[What needs to be done] Report all lines in the records that hold the string "layer".

Stored data entries:
'''
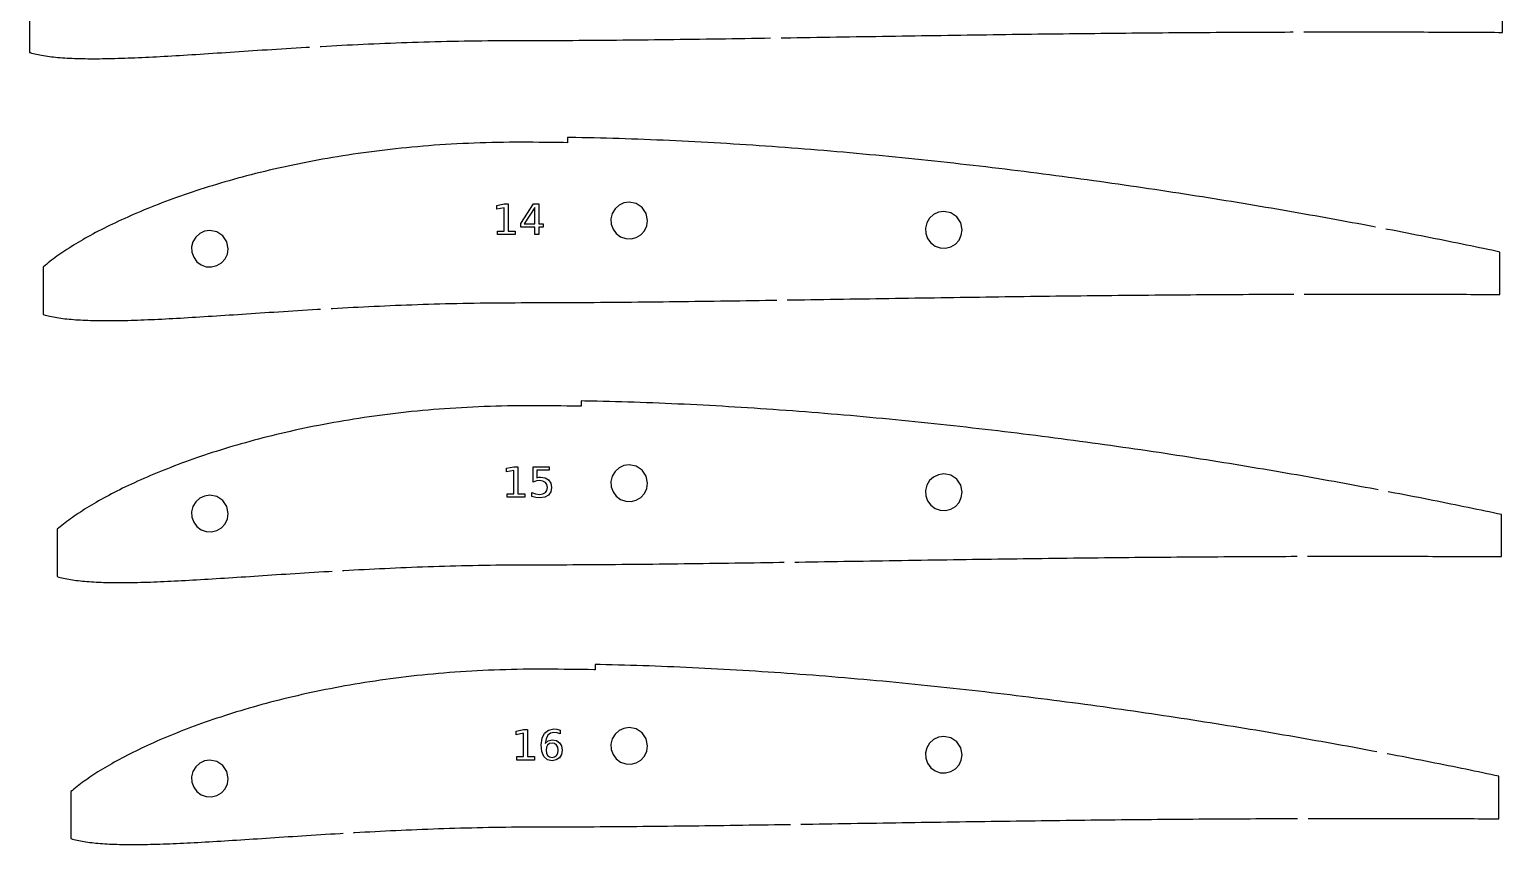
# Model space of a CAD drawing. Extents: x 14 to 532, y 10 to 1018.
# Drawn here: x 45.6 to 326.6, y 230.1 to 385.5 of the extents above; entities that cross this region are included whole.
import ezdxf

# ---------------------------------------------------------------- set-up
doc = ezdxf.new("R2010")
doc.units = 0

msp = doc.modelspace()

# ---------------------------------------------------------------- linework, layer by layer
at = {"layer": 'Layer 1', "color": 7}
for points in [[(288.6744, 385.0475), (289.2421, 385.0488), (290.2791, 385.0508), (291.3105, 385.0526), (292.3364, 385.0541), (293.3566, 385.0554), (294.3711, 385.0565), (295.3798, 385.0573), (296.3827, 385.0578), (297.3797, 385.0582), (298.3707, 385.0583), (299.3557, 385.0582), (300.3347, 385.0578), (301.3075, 385.0573), (302.2741, 385.0565), (303.2344, 385.0556), (304.1884, 385.0544), (305.1361, 385.053), (306.0773, 385.0515), (307.012, 385.0498), (307.9402, 385.0479), (308.8617, 385.0458), (309.7766, 385.0435), (310.6847, 385.0411), (311.5861, 385.0385), (312.4807, 385.0358), (313.3683, 385.0329), (314.249, 385.0298), (315.1227, 385.0266), (315.9894, 385.0233), (316.849, 385.0199), (317.7013, 385.0163), (318.5465, 385.0126), (319.3844, 385.0088), (320.2151, 385.0048), (321.0383, 385.0008), (321.8541, 384.9966), (322.6625, 384.9924), (323.4633, 384.9881), (324.2566, 384.9836), (325.0422, 384.9791), (325.8202, 384.9745), (326.5905, 384.9699), (326.5905, 392.9773)], [(45.5789, 390.2113), (45.5789, 381.1384), (45.6908, 381.1037), (45.9779, 381.0211), (46.2746, 380.9417), (46.5808, 380.8656), (46.8966, 380.7927), (47.2218, 380.7231), (47.5565, 380.6566), (47.9006, 380.5934), (48.2542, 380.5333), (48.6172, 380.4763), (48.9895, 380.4224), (49.3713, 380.3715), (49.7623, 380.3237), (50.1627, 380.279), (50.5724, 380.2372), (50.9914, 380.1983), (51.4195, 380.1624), (51.8569, 380.1294), (52.3035, 380.0992), (52.7593, 380.0718), (53.2241, 380.0472), (53.6981, 380.0254), (54.1812, 380.0063), (54.6733, 379.9899), (55.1744, 379.9761), (55.6845, 379.9649), (56.2035, 379.9563), (56.7315, 379.9503), (57.2683, 379.9467), (57.814, 379.9455), (58.3686, 379.9468), (58.9319, 379.9505), (59.5039, 379.9564), (60.0847, 379.9647), (60.6741, 379.9752), (61.2722, 379.9879), (61.8789, 380.0027), (62.4942, 380.0196), (63.118, 380.0386), (63.7503, 380.0596), (64.391, 380.0826), (65.0402, 380.1075), (65.6977, 380.1343), (66.3636, 380.1628), (67.0377, 380.1932), (67.7201, 380.2253), (68.4108, 380.259), (69.1095, 380.2944), (69.8164, 380.3313), (70.5314, 380.3698), (71.2544, 380.4097), (71.9855, 380.451), (72.7244, 380.4937), (73.4713, 380.5377), (74.226, 380.583), (74.9885, 380.6294), (75.7588, 380.677), (76.5367, 380.7257), (77.3224, 380.7754), (78.1157, 380.8261), (78.9165, 380.8777), (79.7248, 380.9301), (80.5407, 380.9834), (81.3639, 381.0374), (82.1945, 381.0921), (83.0324, 381.1474), (83.8776, 381.2033), (84.73, 381.2597), (85.5895, 381.3166), (86.4562, 381.3738), (87.3299, 381.4314), (88.2106, 381.4893), (89.0983, 381.5474), (89.9928, 381.6056), (90.8942, 381.6639), (91.8024, 381.7223), (92.7172, 381.7806), (93.6388, 381.8389), (94.567, 381.897), (95.5017, 381.9549), (96.4429, 382.0125), (97.3905, 382.0698), (98.3445, 382.1267), (99.0157, 382.1661)], [(188.9688, 383.9254), (189.5449, 383.9343), (190.7926, 383.9537), (192.0408, 383.9732), (193.2896, 383.9928), (194.5389, 384.0125), (195.7886, 384.0323), (197.0385, 384.052), (198.2887, 384.0718), (199.539, 384.0917), (200.7895, 384.1115), (202.0399, 384.1313), (203.2902, 384.1511), (204.5404, 384.1709), (205.7904, 384.1906), (207.04, 384.2103), (208.2893, 384.2299), (209.5381, 384.2495), (210.7864, 384.2689), (212.034, 384.2883), (213.281, 384.3076), (214.5272, 384.3267), (215.7725, 384.3457), (217.0169, 384.3646), (218.2603, 384.3833), (219.5027, 384.4019), (220.7438, 384.4204), (221.9838, 384.4386), (223.2224, 384.4567), (224.4597, 384.4746), (225.6955, 384.4923), (226.9297, 384.5098), (228.1624, 384.5271), (229.3934, 384.5442), (230.6226, 384.561), (231.8499, 384.5777), (233.0753, 384.5941), (234.2988, 384.6102), (235.5202, 384.6262), (236.7394, 384.6418), (237.9564, 384.6572), (239.1712, 384.6724), (240.3835, 384.6873), (241.5934, 384.7019), (242.8008, 384.7162), (244.0057, 384.7303), (245.2078, 384.7441), (246.4072, 384.7576), (247.6038, 384.7708), (248.7975, 384.7837), (249.9882, 384.7964), (251.1759, 384.8087), (252.3605, 384.8207), (253.542, 384.8325), (254.7201, 384.8439), (255.895, 384.855), (257.0664, 384.8659), (258.2344, 384.8764), (259.3988, 384.8866), (260.5596, 384.8965), (261.7167, 384.9061), (262.8701, 384.9154), (264.0196, 384.9244), (265.1652, 384.9331), (266.3069, 384.9415), (267.4445, 384.9495), (268.578, 384.9573), (269.7073, 384.9648), (270.8324, 384.9719), (271.9532, 384.9788), (273.0695, 384.9853), (274.1814, 384.9916), (275.2888, 384.9975), (276.3916, 385.0032), (277.4897, 385.0085), (278.5831, 385.0136), (279.6717, 385.0184), (280.7554, 385.0229), (281.8342, 385.0271), (282.908, 385.031), (283.9767, 385.0346), (285.0403, 385.038), (286.0987, 385.0411), (286.6744, 385.0426)], [(101.0124, 382.2812), (101.2443, 382.2944), (102.2232, 382.3491), (103.2082, 382.4031), (104.1993, 382.4563), (105.1963, 382.5087), (106.1991, 382.5603), (107.2079, 382.6109), (108.2224, 382.6605), (109.2426, 382.709), (110.2684, 382.7564), (111.2999, 382.8026), (112.3368, 382.8476), (113.3793, 382.8912), (114.4271, 382.9335), (115.4802, 382.9744), (116.5386, 383.0138), (117.6022, 383.0516), (118.6709, 383.0878), (119.7447, 383.1224), (120.8235, 383.1552), (121.9072, 383.1863), (122.9958, 383.2155), (124.0892, 383.2429), (125.1873, 383.2683), (126.2901, 383.2916), (127.3975, 383.313), (128.5094, 383.3322), (129.6258, 383.3492), (130.7465, 383.364), (131.8716, 383.3765), (133.0009, 383.3867), (134.1344, 383.3945), (135.2721, 383.3999), (136.4137, 383.4028), (137.5593, 383.4034), (138.7089, 383.4042), (139.8622, 383.4057), (141.0194, 383.408), (142.1802, 383.4111), (143.3446, 383.4149), (144.5126, 383.4194), (145.684, 383.4245), (146.8588, 383.4304), (148.037, 383.4369), (149.2184, 383.4441), (150.403, 383.4518), (151.5907, 383.4602), (152.7815, 383.4692), (153.9752, 383.4788), (155.1717, 383.4889), (156.3712, 383.4996), (157.5733, 383.5108), (158.7781, 383.5225), (159.9855, 383.5347), (161.1954, 383.5474), (162.4078, 383.5605), (163.6225, 383.5741), (164.8395, 383.5881), (166.0588, 383.6025), (167.2802, 383.6174), (168.5036, 383.6326), (169.729, 383.6482), (170.9564, 383.6641), (172.1856, 383.6803), (173.4166, 383.6969), (174.6492, 383.7138), (175.8835, 383.7309), (177.1193, 383.7484), (178.3565, 383.7661), (179.5952, 383.784), (180.8351, 383.8021), (182.0763, 383.8205), (183.3186, 383.8391), (184.562, 383.8578), (185.8064, 383.8767), (186.969, 383.8945)], [(302.3645, 347.832), (301.7925, 347.9402), (300.8278, 348.1219), (299.8569, 348.3038), (298.8801, 348.486), (297.8972, 348.6684), (296.9085, 348.851), (295.9139, 349.0337), (294.9135, 349.2166), (293.9073, 349.3996), (292.8956, 349.5826), (291.8782, 349.7658), (290.8553, 349.9489), (289.8269, 350.132), (288.7931, 350.3151), (287.7539, 350.4982), (286.7095, 350.6811), (285.6598, 350.864), (284.605, 351.0467), (283.5451, 351.2292), (282.4802, 351.4116), (281.4103, 351.5937), (280.3356, 351.7756), (279.256, 351.9573), (278.1716, 352.1386), (277.0826, 352.3196), (275.9889, 352.5002), (274.8907, 352.6805), (273.788, 352.8604), (272.6808, 353.0398), (271.5693, 353.2188), (270.4536, 353.3973), (269.3336, 353.5753), (268.2094, 353.7528), (267.0812, 353.9297), (265.949, 354.106), (264.8128, 354.2817), (263.6728, 354.4568), (262.529, 354.6312), (261.3814, 354.8049), (260.2302, 354.978), (259.0754, 355.1502), (257.9171, 355.3218), (256.7553, 355.4925), (255.5902, 355.6624), (254.4218, 355.8315), (253.2501, 355.9997), (252.0753, 356.1671), (250.8974, 356.3335), (249.7165, 356.499), (248.5327, 356.6636), (247.346, 356.8271), (246.1565, 356.9897), (244.9643, 357.1512), (243.7694, 357.3117), (242.572, 357.4711), (241.3721, 357.6294), (240.1697, 357.7866), (238.9651, 357.9426), (237.7581, 358.0975), (236.5489, 358.2511), (235.3376, 358.4036), (234.1243, 358.5548), (232.909, 358.7048), (231.6918, 358.8535), (230.4727, 359.0008), (229.252, 359.1469), (228.0295, 359.2916), (226.8054, 359.4349), (225.5799, 359.5769), (224.3528, 359.7174), (223.1244, 359.8565), (221.8947, 359.9941), (220.6638, 360.1303), (219.4317, 360.265), (218.1986, 360.3981), (216.9645, 360.5297), (215.7294, 360.6598), (214.4935, 360.7883), (213.2569, 360.9151), (212.0196, 361.0404), (210.7816, 361.1641), (209.5431, 361.286), (208.3042, 361.4063), (207.0649, 361.525), (205.8252, 361.6419), (204.5854, 361.757), (203.3454, 361.8705), (202.1053, 361.9821), (200.8652, 362.092), (199.6252, 362.2001), (198.3853, 362.3064), (197.1457, 362.4108), (195.9063, 362.5134), (194.6674, 362.6141), (193.4289, 362.7129), (192.191, 362.8098), (190.9536, 362.9048), (189.717, 362.9979), (188.4811, 363.0891), (187.2461, 363.1782), (186.0119, 363.2654), (184.7788, 363.3507), (183.5467, 363.4339), (182.3158, 363.5151), (181.0861, 363.5942), (179.8577, 363.6713), (178.6307, 363.7464), (177.4051, 363.8194), (176.181, 363.8903), (174.9586, 363.9591), (173.7378, 364.0258), (172.5187, 364.0904), (171.3015, 364.1529), (170.0862, 364.2132), (168.8729, 364.2714), (167.6616, 364.3274), (166.4524, 364.3813), (165.2455, 364.4329), (164.0408, 364.4824), (162.8384, 364.5297), (161.6385, 364.5748), (160.4411, 364.6177), (159.2462, 364.6583), (158.054, 364.6967), (156.8645, 364.7329), (155.6778, 364.7669), (154.494, 364.7986), (153.3131, 364.8281), (152.1352, 364.8553), (150.9604, 364.8802), (149.7888, 364.9029), (148.6203, 364.9233), (148.2105, 364.9296), (148.2105, 363.9296), (147.4552, 363.9414), (146.2934, 363.9572), (145.1351, 363.9708), (143.9803, 363.9821), (142.8291, 363.9911), (141.6816, 363.9978), (140.5377, 364.0022), (139.3977, 364.0043), (138.2615, 364.0036), (137.1293, 363.9974), (136.0011, 363.9857), (134.877, 363.9685), (133.757, 363.9458), (132.6412, 363.9176), (131.5297, 363.884), (130.4226, 363.845), (129.3198, 363.8006), (128.2216, 363.751), (127.1279, 363.6961), (126.0389, 363.636), (124.9545, 363.5707), (123.8749, 363.5004), (122.8002, 363.4249), (121.7303, 363.3445), (120.6654, 363.259), (119.6055, 363.1687), (118.5507, 363.0735), (117.501, 362.9734), (116.4566, 362.8687), (115.4174, 362.7592), (114.3836, 362.645), (113.3553, 362.5263), (112.3323, 362.403), (111.315, 362.2752), (110.3032, 362.143), (109.2971, 362.0065), (108.2967, 361.8656), (107.3021, 361.7205), (106.3133, 361.5713), (105.3305, 361.4179), (104.3536, 361.2604), (103.3827, 361.099), (102.418, 360.9336), (101.4594, 360.7644), (100.507, 360.5914), (99.5608, 360.4146), (98.621, 360.2342), (97.6876, 360.0502), (96.7606, 359.8626), (95.8401, 359.6716), (94.9262, 359.4772), (94.0189, 359.2795), (93.1182, 359.0786), (92.2243, 358.8744), (91.3371, 358.6672), (90.4568, 358.4569), (89.5834, 358.2436), (88.7169, 358.0274), (87.8574, 357.8084), (87.005, 357.5867), (86.1596, 357.3623), (85.3214, 357.1353), (84.4904, 356.9057), (83.6667, 356.6737), (82.8502, 356.4393), (82.0412, 356.2026), (81.2395, 355.9637), (80.4453, 355.7226), (79.6586, 355.4794), (78.8794, 355.2342), (78.1079, 354.9871), (77.3439, 354.7381), (76.5877, 354.4873), (75.8393, 354.2348), (75.0986, 353.9806), (74.3657, 353.7249), (73.6408, 353.4677), (72.9237, 353.2091), (72.2147, 352.9492), (71.5136, 352.6879), (70.8206, 352.4255), (70.1357, 352.162), (69.4589, 351.8974), (68.7903, 351.6319), (68.13, 351.3654), (67.4779, 351.0981), (66.8341, 350.8301), (66.1986, 350.5614), (65.5716, 350.2921), (64.9529, 350.0222), (64.3427, 349.7519), (63.7411, 349.4811), (63.1479, 349.2101), (62.5633, 348.9388), (61.9874, 348.6673), (61.42, 348.3956), (60.8614, 348.124), (60.3114, 347.8523), (59.7702, 347.5807), (59.2378, 347.3093), (58.7142, 347.0381), (58.1995, 346.7671), (57.6936, 346.4965), (57.1966, 346.2263), (56.7086, 345.9566), (56.2295, 345.6874), (55.7595, 345.4188), (55.2984, 345.1509), (54.8465, 344.8837), (54.4036, 344.6172), (53.9698, 344.3516), (53.5451, 344.0868), (53.1297, 343.823), (52.7234, 343.5602), (52.3263, 343.2985), (51.9384, 343.0378), (51.5599, 342.7784), (51.1906, 342.5201), (50.8306, 342.2631), (50.4799, 342.0074), (50.1386, 341.753), (49.8067, 341.5001), (49.4842, 341.2486), (49.1711, 340.9987), (48.8674, 340.7502), (48.5732, 340.5034), (48.2884, 340.2581), (48.2105, 340.1892), (48.2105, 331.1601), (48.2884, 331.1359), (48.5732, 331.054), (48.8674, 330.9752), (49.1711, 330.8998), (49.4842, 330.8275), (49.8067, 330.7584), (50.1386, 330.6925), (50.4799, 330.6298), (50.8306, 330.5702), (51.1906, 330.5137), (51.5599, 330.4602), (51.9384, 330.4098), (52.3263, 330.3624), (52.7234, 330.318), (53.1297, 330.2765), (53.5451, 330.238), (53.9698, 330.2024), (54.4036, 330.1696), (54.8465, 330.1397), (55.2984, 330.1125), (55.7595, 330.0882), (56.2295, 330.0665), (56.7086, 330.0476), (57.1966, 330.0313), (57.6936, 330.0176), (58.1995, 330.0066), (58.7142, 329.998), (59.2378, 329.992), (59.7702, 329.9884), (60.3114, 329.9873), (60.8614, 329.9886), (61.42, 329.9922), (61.9874, 329.9981), (62.5633, 330.0063), (63.1479, 330.0167), (63.7411, 330.0293), (64.3427, 330.044), (64.9529, 330.0608), (65.5716, 330.0796), (66.1986, 330.1005), (66.8341, 330.1232), (67.4779, 330.1479), (68.13, 330.1745), (68.7903, 330.2028), (69.4589, 330.2329), (70.1357, 330.2647), (70.8206, 330.2982), (71.5136, 330.3333), (72.2147, 330.3699), (72.9237, 330.4081), (73.6408, 330.4476), (74.3657, 330.4886), (75.0986, 330.531), (75.8393, 330.5746), (76.5877, 330.6195), (77.3439, 330.6656), (78.1079, 330.7127), (78.8794, 330.761), (79.6586, 330.8103), (80.4453, 330.8606), (81.2395, 330.9117), (82.0412, 330.9638), (82.8502, 331.0166), (83.6667, 331.0702), (84.4904, 331.1244), (85.3214, 331.1793), (86.1596, 331.2347), (87.005, 331.2906), (87.8574, 331.347), (88.7169, 331.4038), (89.5834, 331.4609), (90.4568, 331.5183), (91.3371, 331.5759), (92.2243, 331.6337), (93.1182, 331.6915), (94.0189, 331.7494), (94.9262, 331.8072), (95.8401, 331.865), (96.7606, 331.9226), (97.6876, 331.98), (98.621, 332.0372), (99.5608, 332.094), (100.507, 332.1504), (101.1286, 332.1869)], [(134.84935, 347.07404), (136.13841, 347.07404), (136.13841, 351.52325), (134.73607, 351.242), (134.73607, 351.96075), (136.1306, 352.242), (136.91966, 352.242), (136.91966, 347.07404), (138.20872, 347.07404), (138.20872, 346.40997), (134.84935, 346.40997), (134.84935, 347.07404)], [(141.76341, 352.242), (142.7556, 352.242), (142.7556, 348.44122), (143.58763, 348.44122), (143.58763, 347.78497), (142.7556, 347.78497), (142.7556, 346.40997), (141.97044, 346.40997), (141.97044, 347.78497), (139.33763, 347.78497), (139.33763, 348.54669), (141.76341, 352.242)], [(141.97044, 351.5545), (139.97826, 348.44122), (141.97044, 348.44122), (141.97044, 351.5545)], [(160, 352.5815), (158.973721, 352.427823), (158.055504, 351.991644), (157.301141, 351.310241), (156.766422, 350.420892), (156.515661, 349.413924), (156.567252, 348.398684), (156.908103, 347.440981), (157.525126, 346.606626), (158.359481, 345.989603), (159.317184, 345.648752), (160.332424, 345.597161), (161.339392, 345.847922), (162.228741, 346.382641), (162.910144, 347.137004), (163.346323, 348.055221), (163.5, 349.0815), (163.233578, 350.420892), (162.474874, 351.556374), (161.339392, 352.315078), (160, 352.5815), (160, 352.5815)], [(220, 350.7999), (218.973721, 350.646223), (218.055504, 350.210044), (217.301141, 349.528641), (216.766422, 348.639292), (216.515661, 347.632324), (216.567252, 346.617084), (216.908103, 345.659381), (217.525126, 344.825026), (218.359481, 344.208003), (219.317184, 343.867152), (220.332424, 343.815561), (221.339392, 344.066322), (222.228741, 344.601041), (222.910144, 345.355404), (223.346323, 346.273621), (223.5, 347.2999), (223.233578, 348.639292), (222.474874, 349.774774), (221.339392, 350.533478), (220, 350.7999), (220, 350.7999)], [(80, 347.2085), (78.973721, 347.054823), (78.055504, 346.618644), (77.301141, 345.937241), (76.766422, 345.047892), (76.515661, 344.040924), (76.567252, 343.025684), (76.908103, 342.067981), (77.525126, 341.233626), (78.359481, 340.616603), (79.317184, 340.275752), (80.332424, 340.224161), (81.339392, 340.474922), (82.228741, 341.009641), (82.910144, 341.764004), (83.346323, 342.682221), (83.5, 343.7085), (83.233578, 345.047892), (82.474874, 346.183374), (81.339392, 346.942078), (80, 347.2085), (80, 347.2085)], [(288.7797, 335.0461), (288.7931, 335.0461), (289.8269, 335.0484), (290.8553, 335.0504), (291.8782, 335.0522), (292.8956, 335.0537), (293.9073, 335.055), (294.9135, 335.056), (295.9139, 335.0568), (296.9085, 335.0573), (297.8972, 335.0577), (298.8801, 335.0578), (299.8569, 335.0577), (300.8278, 335.0573), (301.7925, 335.0568), (302.7512, 335.0561), (303.7036, 335.0551), (304.6497, 335.054), (305.5895, 335.0526), (306.5229, 335.0511), (307.4499, 335.0494), (308.3704, 335.0475), (309.2843, 335.0454), (310.1916, 335.0432), (311.0923, 335.0407), (311.9862, 335.0382), (312.8734, 335.0355), (313.7537, 335.0326), (314.6271, 335.0296), (315.4936, 335.0264), (316.3531, 335.0231), (317.2056, 335.0197), (318.0509, 335.0161), (318.8891, 335.0125), (319.7201, 335.0087), (320.5439, 335.0048), (321.3603, 335.0008), (322.1694, 334.9967), (322.971, 334.9925), (323.7652, 334.9882), (324.552, 334.9838), (325.3311, 334.9793), (326.1027, 334.9748), (326.1027, 343.0734), (325.3311, 343.2365), (324.552, 343.4006), (323.7652, 343.5657), (322.971, 343.7318), (322.1694, 343.8988), (321.3603, 344.0668), (320.5439, 344.2356), (319.7201, 344.4053), (318.8891, 344.5759), (318.0509, 344.7472), (317.2056, 344.9194), (316.3531, 345.0923), (315.4936, 345.266), (314.6271, 345.4403), (313.7537, 345.6154), (312.8734, 345.7911), (311.9862, 345.9674), (311.0923, 346.1443), (310.1916, 346.3218), (309.2843, 346.4998), (308.3704, 346.6783), (307.4499, 346.8573), (306.5229, 347.0368), (305.5895, 347.2167), (304.6497, 347.3971), (304.3293, 347.4583)], [(190.1407, 333.9305), (190.9536, 333.9431), (192.191, 333.9624), (193.4289, 333.9817), (194.6674, 334.0012), (195.9063, 334.0207), (197.1457, 334.0403), (198.3853, 334.0599), (199.6252, 334.0795), (200.8652, 334.0992), (202.1053, 334.1188), (203.3454, 334.1385), (204.5854, 334.1581), (205.8252, 334.1778), (207.0649, 334.1973), (208.3042, 334.2168), (209.5431, 334.2363), (210.7816, 334.2557), (212.0196, 334.275), (213.2569, 334.2942), (214.4935, 334.3133), (215.7294, 334.3323), (216.9645, 334.3511), (218.1986, 334.3699), (219.4317, 334.3884), (220.6638, 334.4069), (221.8947, 334.4252), (223.1244, 334.4433), (224.3528, 334.4612), (225.5799, 334.4789), (226.8054, 334.4965), (228.0295, 334.5139), (229.252, 334.531), (230.4727, 334.5479), (231.6918, 334.5647), (232.909, 334.5812), (234.1243, 334.5974), (235.3376, 334.6135), (236.5489, 334.6292), (237.7581, 334.6448), (238.9651, 334.6601), (240.1697, 334.6751), (241.3721, 334.6899), (242.572, 334.7043), (243.7694, 334.7186), (244.9643, 334.7325), (246.1565, 334.7462), (247.346, 334.7596), (248.5327, 334.7727), (249.7165, 334.7855), (250.8974, 334.798), (252.0753, 334.8103), (253.2501, 334.8222), (254.4218, 334.8339), (255.5902, 334.8452), (256.7553, 334.8562), (257.9171, 334.867), (259.0754, 334.8774), (260.2302, 334.8876), (261.3814, 334.8974), (262.529, 334.9069), (263.6728, 334.9161), (264.8128, 334.925), (265.949, 334.9337), (267.0812, 334.942), (268.2094, 334.95), (269.3336, 334.9577), (270.4536, 334.9651), (271.5693, 334.9721), (272.6808, 334.9789), (273.788, 334.9854), (274.8907, 334.9916), (275.9889, 334.9975), (277.0826, 335.0031), (278.1716, 335.0085), (279.256, 335.0135), (280.3356, 335.0182), (281.4103, 335.0227), (282.4802, 335.0268), (283.5451, 335.0307), (284.605, 335.0343), (285.6598, 335.0377), (286.7095, 335.0408), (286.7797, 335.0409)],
'''
[Result for this exercise]
# ---------------------------------------------------------------- linework, layer by layer
at = {"layer": 'Layer 1', "color": 7}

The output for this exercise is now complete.